TASK BRIEF: Lines before the one with "Micromouse Power Subsystem]" are left out; return that line and all that follow it, exactly, through the end of the data.

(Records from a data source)
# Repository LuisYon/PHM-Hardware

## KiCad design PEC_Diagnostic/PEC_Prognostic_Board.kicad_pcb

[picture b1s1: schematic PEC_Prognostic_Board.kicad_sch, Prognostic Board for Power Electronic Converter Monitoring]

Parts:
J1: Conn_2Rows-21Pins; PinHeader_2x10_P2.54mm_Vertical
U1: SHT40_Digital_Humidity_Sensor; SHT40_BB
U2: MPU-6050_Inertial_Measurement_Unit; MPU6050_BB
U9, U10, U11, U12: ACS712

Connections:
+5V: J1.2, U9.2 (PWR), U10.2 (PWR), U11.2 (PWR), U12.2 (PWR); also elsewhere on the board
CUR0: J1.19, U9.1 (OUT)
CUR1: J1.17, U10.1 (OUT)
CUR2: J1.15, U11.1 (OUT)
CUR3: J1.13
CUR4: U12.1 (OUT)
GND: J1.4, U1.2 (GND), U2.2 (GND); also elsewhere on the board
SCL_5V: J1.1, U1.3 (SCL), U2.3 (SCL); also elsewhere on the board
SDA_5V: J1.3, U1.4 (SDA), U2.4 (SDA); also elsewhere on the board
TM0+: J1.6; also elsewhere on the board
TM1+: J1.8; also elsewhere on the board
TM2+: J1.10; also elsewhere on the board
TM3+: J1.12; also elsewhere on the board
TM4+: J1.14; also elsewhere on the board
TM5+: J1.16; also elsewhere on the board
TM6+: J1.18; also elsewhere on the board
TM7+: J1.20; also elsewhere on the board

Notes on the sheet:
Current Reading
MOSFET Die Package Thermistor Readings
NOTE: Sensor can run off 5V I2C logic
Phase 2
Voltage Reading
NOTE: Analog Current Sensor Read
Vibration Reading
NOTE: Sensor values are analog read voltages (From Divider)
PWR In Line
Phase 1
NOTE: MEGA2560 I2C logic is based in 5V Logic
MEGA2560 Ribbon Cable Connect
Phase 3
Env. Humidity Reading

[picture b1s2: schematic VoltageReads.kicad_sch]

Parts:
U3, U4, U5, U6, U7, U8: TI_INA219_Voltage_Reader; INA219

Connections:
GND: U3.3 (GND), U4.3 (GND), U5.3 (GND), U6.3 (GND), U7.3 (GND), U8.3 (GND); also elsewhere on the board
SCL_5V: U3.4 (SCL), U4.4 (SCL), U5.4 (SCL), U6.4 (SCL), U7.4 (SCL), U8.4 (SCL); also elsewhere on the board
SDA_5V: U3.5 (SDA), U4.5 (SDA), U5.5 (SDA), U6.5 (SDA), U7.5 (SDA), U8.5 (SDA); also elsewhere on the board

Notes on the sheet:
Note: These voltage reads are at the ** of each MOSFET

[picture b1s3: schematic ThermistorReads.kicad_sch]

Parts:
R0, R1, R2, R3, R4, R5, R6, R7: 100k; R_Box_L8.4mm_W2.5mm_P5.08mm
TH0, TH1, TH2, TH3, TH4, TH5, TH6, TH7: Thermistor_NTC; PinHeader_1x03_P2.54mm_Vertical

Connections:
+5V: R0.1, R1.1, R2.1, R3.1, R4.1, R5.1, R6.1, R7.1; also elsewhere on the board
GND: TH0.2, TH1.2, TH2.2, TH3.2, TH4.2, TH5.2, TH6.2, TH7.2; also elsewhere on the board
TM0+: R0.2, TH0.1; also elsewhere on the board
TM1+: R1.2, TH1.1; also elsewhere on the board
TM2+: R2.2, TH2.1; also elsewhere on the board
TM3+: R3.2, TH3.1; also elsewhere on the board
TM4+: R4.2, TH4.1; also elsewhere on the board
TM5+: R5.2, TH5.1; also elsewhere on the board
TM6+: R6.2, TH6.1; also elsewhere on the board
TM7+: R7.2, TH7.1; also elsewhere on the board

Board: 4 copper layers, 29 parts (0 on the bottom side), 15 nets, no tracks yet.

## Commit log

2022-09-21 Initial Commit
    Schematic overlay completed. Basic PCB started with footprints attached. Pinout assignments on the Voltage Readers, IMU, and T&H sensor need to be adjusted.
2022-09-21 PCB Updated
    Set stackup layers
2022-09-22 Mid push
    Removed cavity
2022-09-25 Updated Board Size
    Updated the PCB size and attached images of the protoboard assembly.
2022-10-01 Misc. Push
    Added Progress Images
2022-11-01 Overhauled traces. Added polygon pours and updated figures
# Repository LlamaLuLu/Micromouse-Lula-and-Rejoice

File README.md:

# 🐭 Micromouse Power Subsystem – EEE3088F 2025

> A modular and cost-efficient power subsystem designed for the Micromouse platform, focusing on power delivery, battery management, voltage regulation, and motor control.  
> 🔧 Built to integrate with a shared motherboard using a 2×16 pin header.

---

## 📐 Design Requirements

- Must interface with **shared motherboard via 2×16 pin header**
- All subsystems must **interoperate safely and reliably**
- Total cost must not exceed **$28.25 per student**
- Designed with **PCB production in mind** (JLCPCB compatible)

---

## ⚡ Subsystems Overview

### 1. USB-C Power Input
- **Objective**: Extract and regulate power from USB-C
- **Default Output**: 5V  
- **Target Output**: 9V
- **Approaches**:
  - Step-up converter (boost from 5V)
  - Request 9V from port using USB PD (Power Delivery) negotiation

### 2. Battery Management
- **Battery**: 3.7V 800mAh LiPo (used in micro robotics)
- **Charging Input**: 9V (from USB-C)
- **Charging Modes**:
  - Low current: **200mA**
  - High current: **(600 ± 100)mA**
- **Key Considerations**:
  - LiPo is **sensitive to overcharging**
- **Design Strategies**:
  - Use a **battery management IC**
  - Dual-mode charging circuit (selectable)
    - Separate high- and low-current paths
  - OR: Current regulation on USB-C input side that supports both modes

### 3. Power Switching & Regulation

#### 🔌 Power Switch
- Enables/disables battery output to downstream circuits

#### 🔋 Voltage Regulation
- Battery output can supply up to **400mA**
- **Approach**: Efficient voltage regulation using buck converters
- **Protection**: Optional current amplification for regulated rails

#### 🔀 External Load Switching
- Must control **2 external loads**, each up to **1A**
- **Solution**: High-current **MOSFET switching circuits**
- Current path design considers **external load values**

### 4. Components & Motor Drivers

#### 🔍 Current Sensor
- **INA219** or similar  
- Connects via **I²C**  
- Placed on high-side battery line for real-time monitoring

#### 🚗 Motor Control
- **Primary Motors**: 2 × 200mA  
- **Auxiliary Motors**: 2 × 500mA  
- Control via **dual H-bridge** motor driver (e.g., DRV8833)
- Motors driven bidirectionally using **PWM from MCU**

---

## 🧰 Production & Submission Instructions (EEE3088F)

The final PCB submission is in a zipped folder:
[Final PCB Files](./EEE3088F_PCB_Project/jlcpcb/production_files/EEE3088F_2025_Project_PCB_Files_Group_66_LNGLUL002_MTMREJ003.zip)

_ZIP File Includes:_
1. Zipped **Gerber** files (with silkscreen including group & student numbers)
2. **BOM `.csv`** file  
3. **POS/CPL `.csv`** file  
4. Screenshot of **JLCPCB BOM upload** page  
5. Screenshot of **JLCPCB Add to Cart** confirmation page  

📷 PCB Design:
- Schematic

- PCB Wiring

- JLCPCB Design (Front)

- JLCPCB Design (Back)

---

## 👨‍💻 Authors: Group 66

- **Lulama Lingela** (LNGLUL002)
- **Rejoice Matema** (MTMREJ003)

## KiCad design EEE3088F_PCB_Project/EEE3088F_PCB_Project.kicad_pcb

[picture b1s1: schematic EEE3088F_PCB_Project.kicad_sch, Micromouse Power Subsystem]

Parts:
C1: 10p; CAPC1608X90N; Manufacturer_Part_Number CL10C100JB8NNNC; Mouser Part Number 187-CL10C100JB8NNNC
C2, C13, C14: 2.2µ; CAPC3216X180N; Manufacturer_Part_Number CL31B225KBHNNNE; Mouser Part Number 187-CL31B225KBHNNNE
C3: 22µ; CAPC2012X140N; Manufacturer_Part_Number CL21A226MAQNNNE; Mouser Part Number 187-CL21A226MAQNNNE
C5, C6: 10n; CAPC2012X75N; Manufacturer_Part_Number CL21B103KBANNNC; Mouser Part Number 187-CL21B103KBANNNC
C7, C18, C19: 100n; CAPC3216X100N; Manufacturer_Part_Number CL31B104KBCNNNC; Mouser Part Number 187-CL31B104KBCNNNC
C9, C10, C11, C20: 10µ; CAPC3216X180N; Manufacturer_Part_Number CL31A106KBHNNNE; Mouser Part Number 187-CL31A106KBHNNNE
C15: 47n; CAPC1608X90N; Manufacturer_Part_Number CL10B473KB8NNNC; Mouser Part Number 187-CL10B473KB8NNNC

THE ANSWER:
[picture b1s1: schematic EEE3088F_PCB_Project.kicad_sch, Micromouse Power Subsystem]

Parts:
C1: 10p; CAPC1608X90N; Manufacturer_Part_Number CL10C100JB8NNNC; Mouser Part Number 187-CL10C100JB8NNNC
C2, C13, C14: 2.2µ; CAPC3216X180N; Manufacturer_Part_Number CL31B225KBHNNNE; Mouser Part Number 187-CL31B225KBHNNNE
C3: 22µ; CAPC2012X140N; Manufacturer_Part_Number CL21A226MAQNNNE; Mouser Part Number 187-CL21A226MAQNNNE
C5, C6: 10n; CAPC2012X75N; Manufacturer_Part_Number CL21B103KBANNNC; Mouser Part Number 187-CL21B103KBANNNC
C7, C18, C19: 100n; CAPC3216X100N; Manufacturer_Part_Number CL31B104KBCNNNC; Mouser Part Number 187-CL31B104KBCNNNC
C9, C10, C11, C20: 10µ; CAPC3216X180N; Manufacturer_Part_Number CL31A106KBHNNNE; Mouser Part Number 187-CL31A106KBHNNNE
C15: 47n; CAPC1608X90N; Manufacturer_Part_Number CL10B473KB8NNNC; Mouser Part Number 187-CL10B473KB8NNNC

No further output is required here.